Through many iterations, the final model comes out to be a convolutional neural network (CNN) with several layers. The model looks through each image and run for 20 epochs. There is also a learning rate that reduces the rate at which the model trains. The goal of the learning rate is to prevent training loss to get ahead of the validation loss.

In [None]:
def scheduler(epoch, lr):
    if epoch < 10:
        return lr
    else:
        return 0.00001
    
lr_callback = LearningRateScheduler(scheduler)

There were some attempts at bettering the model during training but metrics were not improved. The final model faced much overfitting issues but did not use BatchNormalization nor Dropout layers. Adding these layers did not help improve the validation accuracy metric. When attempting to introduce transfer learning, the results instead reduced the validation accuracy metric and increased validation loss. With shorter run times and better metrics, these layers were removed from the final model.

In [None]:
model = models.Sequential()
model.add(layers.Conv2D(filters=32, 
                        kernel_size=(2,2),
                        activation='relu',
                        padding = 'same',
                        input_shape=(IMAGE_DIMENSION, IMAGE_DIMENSION, 3),
                        data_format = 'channels_last'))
model.add(layers.MaxPooling2D((2,2)))
model.add(layers.Conv2D(16, (3,3), activation='relu'))
model.add(layers.MaxPooling2D((3,3)))
model.add(layers.Flatten())
model.add(layers.Dense(64))
model.add(layers.Dense(NUM_CLASS)) # output layer
model.add(layers.Activation('sigmoid'))

model.summary()

model.compile(optimizer='adam',
              loss='categorical_crossentropy',
              metrics=['accuracy'])

# training begins
model.fit(train_generator, steps_per_epoch=len(train_generator)*10 // BATCH_SIZE, epochs=20,
          validation_data=val_generator, callbacks=lr_callback, use_multiprocessing=False)

# Analysis

With the model fully trained, the best accuracy of the model was 31% validation accuracy.

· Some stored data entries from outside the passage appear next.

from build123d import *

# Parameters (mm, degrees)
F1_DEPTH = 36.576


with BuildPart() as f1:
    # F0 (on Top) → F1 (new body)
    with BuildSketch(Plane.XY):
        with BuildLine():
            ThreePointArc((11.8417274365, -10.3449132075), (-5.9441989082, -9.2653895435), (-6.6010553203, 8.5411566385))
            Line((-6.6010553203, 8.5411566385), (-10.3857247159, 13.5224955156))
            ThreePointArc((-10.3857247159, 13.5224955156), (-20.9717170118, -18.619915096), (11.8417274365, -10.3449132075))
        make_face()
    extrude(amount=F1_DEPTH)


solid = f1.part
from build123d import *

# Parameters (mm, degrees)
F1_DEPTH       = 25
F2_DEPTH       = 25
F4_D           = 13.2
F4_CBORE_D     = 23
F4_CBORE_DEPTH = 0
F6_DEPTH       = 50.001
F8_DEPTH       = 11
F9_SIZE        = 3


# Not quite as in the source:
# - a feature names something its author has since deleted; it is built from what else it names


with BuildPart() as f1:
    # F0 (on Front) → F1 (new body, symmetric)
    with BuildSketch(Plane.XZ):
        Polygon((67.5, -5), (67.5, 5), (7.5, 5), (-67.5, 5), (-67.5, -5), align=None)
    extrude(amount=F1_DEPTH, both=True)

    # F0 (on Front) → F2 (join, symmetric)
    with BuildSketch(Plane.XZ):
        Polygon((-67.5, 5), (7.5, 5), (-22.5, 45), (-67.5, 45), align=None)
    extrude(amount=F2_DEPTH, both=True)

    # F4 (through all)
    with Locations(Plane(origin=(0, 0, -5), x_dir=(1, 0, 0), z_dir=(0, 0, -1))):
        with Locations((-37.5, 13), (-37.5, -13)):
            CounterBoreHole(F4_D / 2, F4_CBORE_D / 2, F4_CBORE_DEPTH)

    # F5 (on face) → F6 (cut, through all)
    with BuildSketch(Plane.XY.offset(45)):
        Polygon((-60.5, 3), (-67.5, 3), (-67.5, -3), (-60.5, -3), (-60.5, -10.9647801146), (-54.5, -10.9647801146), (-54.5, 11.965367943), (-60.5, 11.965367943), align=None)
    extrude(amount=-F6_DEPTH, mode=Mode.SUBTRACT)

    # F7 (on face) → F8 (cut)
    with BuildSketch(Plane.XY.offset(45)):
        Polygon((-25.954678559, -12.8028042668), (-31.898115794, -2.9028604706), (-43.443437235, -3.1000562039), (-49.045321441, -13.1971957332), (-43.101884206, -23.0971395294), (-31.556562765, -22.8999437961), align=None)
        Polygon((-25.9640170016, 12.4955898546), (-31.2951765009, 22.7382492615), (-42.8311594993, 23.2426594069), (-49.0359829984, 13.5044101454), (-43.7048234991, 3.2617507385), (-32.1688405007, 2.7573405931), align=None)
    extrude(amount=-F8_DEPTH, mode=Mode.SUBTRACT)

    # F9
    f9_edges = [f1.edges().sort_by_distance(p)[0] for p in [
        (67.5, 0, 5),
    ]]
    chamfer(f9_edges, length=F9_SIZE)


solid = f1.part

The same model is evaluated against the test set and performed at 28% test accuracy. The result is a model that can make classifications better than random guess.

In [None]:
model.evaluate_generator(test_generator, use_multiprocessing=False)

The model could be improved by having more images of flowers to train on. More images means the model could identify just the important features. Also, perhaps the model could improve if more resources were available, like RAM or GPU. 

# Conclusion

Image classification of flowers is possible with what was gathered for the model. 31% of the images looked at by this model are correctly identified. While the model could be improved, this is a proof of concept for the U.S. Department of Agriculture. The model has much room for improvement given more time and resources, but for the scope of the project, a model has been trained on images to identify the species of a flower.